Aed jokes
Boyfriend: "Babe, are you traffic police?"
Girlfriend: "No."
Boyfriend: "Then why do you shout at me for not wearing a helmet?"
Not a joke: one of George Floyd's criminal friends shot his grand-niece as they wanted a piece of the 27 million dollars.
I pushed my best friend's chair in class. Now I kinda feel bad that he was in a wheelchair.
A B C D E F G H I see a bitch in front of me.
"White beta males and fake alpha males are a joke that goes for POC men too."
joe mama roast
When babies kick their mother, it's okay, but when I do it, it's a crime...
A doctor walks into his office and looks his patient in the eyes, "Sir, you have to stop jerking off."
The man asks, "Why?"
The doctor then says, "Because I'm trying to examine you."
I saw a girl at my job and we ended up fucking, then the test came back and I have hives from my sister.
Why did the chicken cross the road?
To go to Chick-fil-A.
I have trash so I throw it at my sister and say that she is a trash can.
How much wood can a woodchuck chuck if a woodchuck could chuck wood? If you woodchuck on the world with that, you have a really deep in, and he says goodbye. When he says goodbye, you're like, "if you."

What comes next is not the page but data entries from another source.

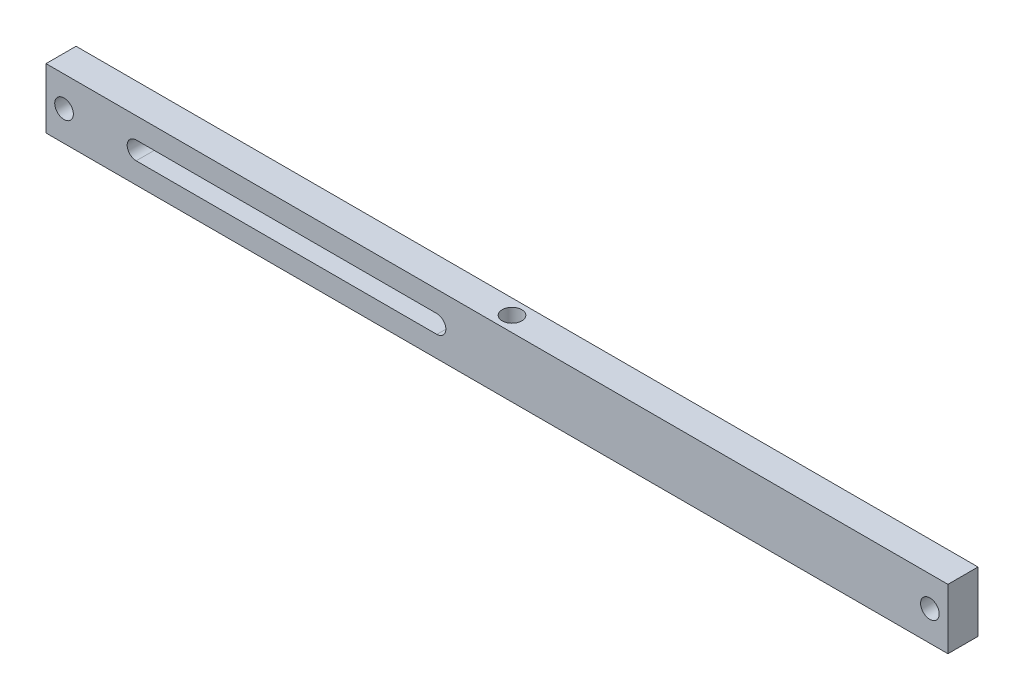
from build123d import *

# Parameters (mm, degrees)
ESQUISSE1_W             = 300
ESQUISSE1_H             = 20
ESQUISSE1_R             = 3.1
EXTRUSION1_DEPTH        = 5
ENL_V_MAT_EXTRU_1_REACH = 302.707
ESQUISSE2_R             = 3.25
ENL_V_MAT_EXTRU_2_REACH = 302.832


with BuildPart() as part:
    # Esquisse1 → Extrusion1 (new, symmetric)
    with BuildSketch(Plane.XY):
        with Locations((150, 10)):
            Rectangle(ESQUISSE1_W, ESQUISSE1_H)
        with Locations((6, 10)):
            Circle(ESQUISSE1_R, mode=Mode.SUBTRACT)
        with Locations(Location((294, 10, 0), (0, 0, 180))):
            Circle(ESQUISSE1_R, mode=Mode.SUBTRACT)
    extrude(amount=EXTRUSION1_DEPTH, both=True)

    # Esquisse2 → Enl_v. mat.-Extru.1 (cut, up to next)
    with BuildSketch(Plane(origin=(0, 20, 0), x_dir=(-1, 0, 0), z_dir=(0, 1, 0)), mode=Mode.PRIVATE) as enl_v_mat_extru_1_sk1:
        with Locations(Location((-150, 0, 0), (0, 0, 90))):
            Circle(ESQUISSE2_R)
    enl_v_mat_extru_1_tool1 = extrude(enl_v_mat_extru_1_sk1.sketch, amount=-ENL_V_MAT_EXTRU_1_REACH, mode=Mode.PRIVATE) & part.part
    add(enl_v_mat_extru_1_tool1.solids().sort_by_distance((150, 20, 0))[0], mode=Mode.SUBTRACT)

    # Esquisse3 → Enl_v. mat.-Extru.2 (cut, up to next)
    with BuildSketch(Plane.XY.offset(5), mode=Mode.PRIVATE) as enl_v_mat_extru_2_sk1:
        with BuildLine():
            Line((30, 7), (130, 7))
            ThreePointArc((130, 7), (133, 10), (130, 13))
            Line((130, 13), (30, 13))
            ThreePointArc((30, 13), (27, 10), (30, 7))
        make_face()
    enl_v_mat_extru_2_tool1 = extrude(enl_v_mat_extru_2_sk1.sketch, amount=-ENL_V_MAT_EXTRU_2_REACH, mode=Mode.PRIVATE) & part.part
    add(enl_v_mat_extru_2_tool1.solids().sort_by_distance((80, 10, 5))[0], mode=Mode.SUBTRACT)


solid = part.part
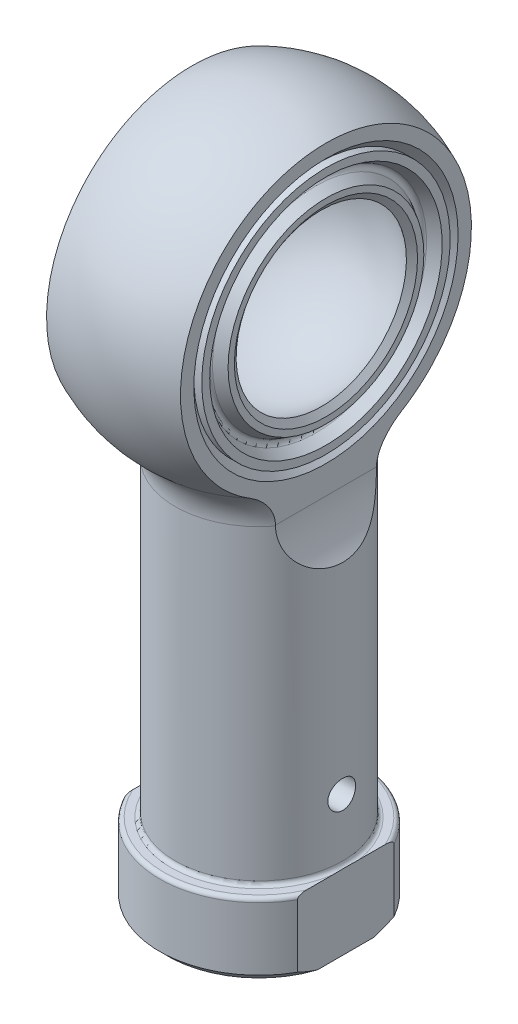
from build123d import *

# Parameters (mm, degrees)
CHAMFER1_SIZE           = 0.508
FILLET1_R               = 3.048
FILLET2_R               = 0.254
CUT_EXTRUDE1_DEPTH      = 48.42460929
CUT_EXTRUDE1_DEPTH_BACK = 48.42460929
SKETCH2_OUTSIDE_W       = 33.2
SKETCH2_OUTSIDE_H       = 57.889
CUT_EXTRUDE2_DEPTH      = 47.638129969
CUT_EXTRUDE2_DEPTH_BACK = 47.638129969
SKETCH3_R               = 7.9375
SKETCH3_R_2             = 0.889
CHAMFER2_SIZE           = 0.508


with BuildPart() as part:
    # Sketch1 → Revolve1 (revolve)
    with BuildSketch(Plane.XY, mode=Mode.PRIVATE) as revolve1_sk:
        with BuildLine():
            Line((3.571875, 0), (6.35, 0))
            Line((6.35, 0), (6.35, 4.7752))
            Line((6.35, 4.7752), (5.3594, 4.7752))
            Line((5.3594, 4.7752), (5.3594, 26.203955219))
            ThreePointArc((5.3594, 26.203955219), (9.850130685, 37.709729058), (0, 45.1612))
            Line((0, 45.1612), (0, 34.925))
            Line((0, 34.925), (0.889, 34.036))
            Line((0.889, 34.036), (0.889, 23.684415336))
            Line((0.889, 23.684415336), (3.317875, 22.225))
            Line((3.317875, 22.225), (3.317875, 19.05))
            Line((3.317875, 19.05), (3.571875, 19.05))
            Line((3.571875, 19.05), (3.571875, 0))
        make_face()
    revolve(revolve1_sk.sketch.rotate(Axis((0, -1004.593899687, 0), (0, 1, 0)), 90), axis=Axis((0, -1004.593899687, 0), (0, 1, 0)))

    # Chamfer1
    chamfer1_edges = [part.edges().sort_by_distance(p)[0] for p in [
        (0, 0, 6.35),
    ]]
    chamfer(chamfer1_edges, length=CHAMFER1_SIZE)

    # Fillet1
    fillet1_edges = [part.edges().sort_by_distance(p)[0] for p in [
        (0, 26.203955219, 5.3594),
    ]]
    fillet(fillet1_edges, radius=FILLET1_R)

    # Fillet2
    fillet2_edges = [part.edges().sort_by_distance(p)[0] for p in [
        (0, 4.7752, 6.35),
        (0, 4.7752, 5.3594),
    ]]
    fillet(fillet2_edges, radius=FILLET2_R)

    # Sketch2 outside → Cut-Extrude1 (cut, two sides: drawn at the far end of the back side and taken through both)
    with BuildSketch(Plane.XY.offset(-CUT_EXTRUDE1_DEPTH_BACK)):
        with Locations((0, 22.5805)):
            Rectangle(SKETCH2_OUTSIDE_W, SKETCH2_OUTSIDE_H)
        with BuildLine():
            Line((-5.5499, 0), (5.5499, 0))
            Line((5.5499, 0), (5.5499, 21.328695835))
            ThreePointArc((5.5499, 21.328695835), (4.607995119, 22.892748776), (4.2799, 24.6888))
            Line((4.2799, 24.6888), (4.2799, 45.1612))
            Line((4.2799, 45.1612), (-4.2799, 45.1612))
            Line((-4.2799, 45.1612), (-4.2799, 24.6888))
            ThreePointArc((-4.2799, 24.6888), (-4.607995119, 22.892748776), (-5.5499, 21.328695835))
            Line((-5.5499, 21.328695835), (-5.5499, 0))
        make_face(mode=Mode.SUBTRACT)
    extrude(amount=CUT_EXTRUDE1_DEPTH + CUT_EXTRUDE1_DEPTH_BACK, mode=Mode.SUBTRACT)

    # Sketch3 → Cut-Extrude2 (cut, two sides: drawn at the far end of the back side and taken through both)
    with BuildSketch(Plane(origin=(0, 0, 0), x_dir=(0, 0, -1), z_dir=(1, 0, 0)).offset(-CUT_EXTRUDE2_DEPTH_BACK)):
        with Locations(Location((0, 34.925, 0), (0, 0, 90))):
            Circle(SKETCH3_R)
        with Locations((0, 8.71855)):
            Circle(SKETCH3_R_2)
    extrude(amount=CUT_EXTRUDE2_DEPTH + CUT_EXTRUDE2_DEPTH_BACK, mode=Mode.SUBTRACT)

    # Chamfer2
    chamfer2_edges = [part.edges().sort_by_distance(p)[0] for p in [
        (4.2799, 26.9875, 0),
        (-4.2799, 26.9875, 0),
    ]]
    chamfer(chamfer2_edges, length=CHAMFER2_SIZE)


with BuildPart() as body_2:
    # Sketch4 → Revolve2 (revolve)
    with BuildSketch(Plane.XY, mode=Mode.PRIVATE) as revolve2_sk:
        with BuildLine():
            Line((3.980082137, 40.368935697), (4.2799, 40.779025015))
            Line((4.2799, 40.779025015), (4.2799, 41.181324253))
            Line((4.2799, 41.181324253), (3.6449, 41.547941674))
            ThreePointArc((3.6449, 41.547941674), (3.5179, 41.767912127), (3.6449, 41.987882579))
            Line((3.6449, 41.987882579), (4.2799, 42.3545))
            Line((4.2799, 42.3545), (4.2799, 42.8625))
            Line((4.2799, 42.8625), (-4.2799, 42.8625))
            Line((-4.2799, 42.8625), (-4.2799, 42.3545))
            Line((-4.2799, 42.3545), (-3.6449, 41.987882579))
            ThreePointArc((-3.6449, 41.987882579), (-3.5179, 41.767912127), (-3.6449, 41.547941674))
            Line((-3.6449, 41.547941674), (-4.2799, 41.181324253))
            Line((-4.2799, 41.181324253), (-4.2799, 40.779025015))
            Line((-4.2799, 40.779025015), (-3.980082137, 40.368935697))
            ThreePointArc((-3.980082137, 40.368935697), (0, 41.6687), (3.980082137, 40.368935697))
        make_face()
    revolve(revolve2_sk.sketch.rotate(Axis((-14.449204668, 34.925, 0), (1, 0, 0)), 90), axis=Axis((-14.449204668, 34.925, 0), (1, 0, 0)))


solid = Compound([part.part, body_2.part])

What does a man with 20 children do now?
Now he eats sausages even with cellophane.
What is small, black and yellow, and drops things?
A fumble bee.
You must be a Charmander. Because you’re making me hot.
Pokemon.
I can't believe what just happened. I was at the bowling alley having a great time with my girlfriend when suddenly a man took all of our bowling pins! I asked him why and he said he needed more tapins to keep his career relevant. I instantly realized it was Penaldo!
Why is no one friends with Dracula? Because he's a pain in the neck.
The Twin Towers were like a woman stuck in the washer machine. They both got freed.
For someone to be stealing a bag of gold in Heaven, [they are] a criminal on Earth and [in] Heaven.
What’s black and long?
The Chick-fil-A line.
What's the difference between a glass of chocolate milk and a toddler?
The thing is, I wasn't arrested for throwing a glass of chocolate milk against the wall.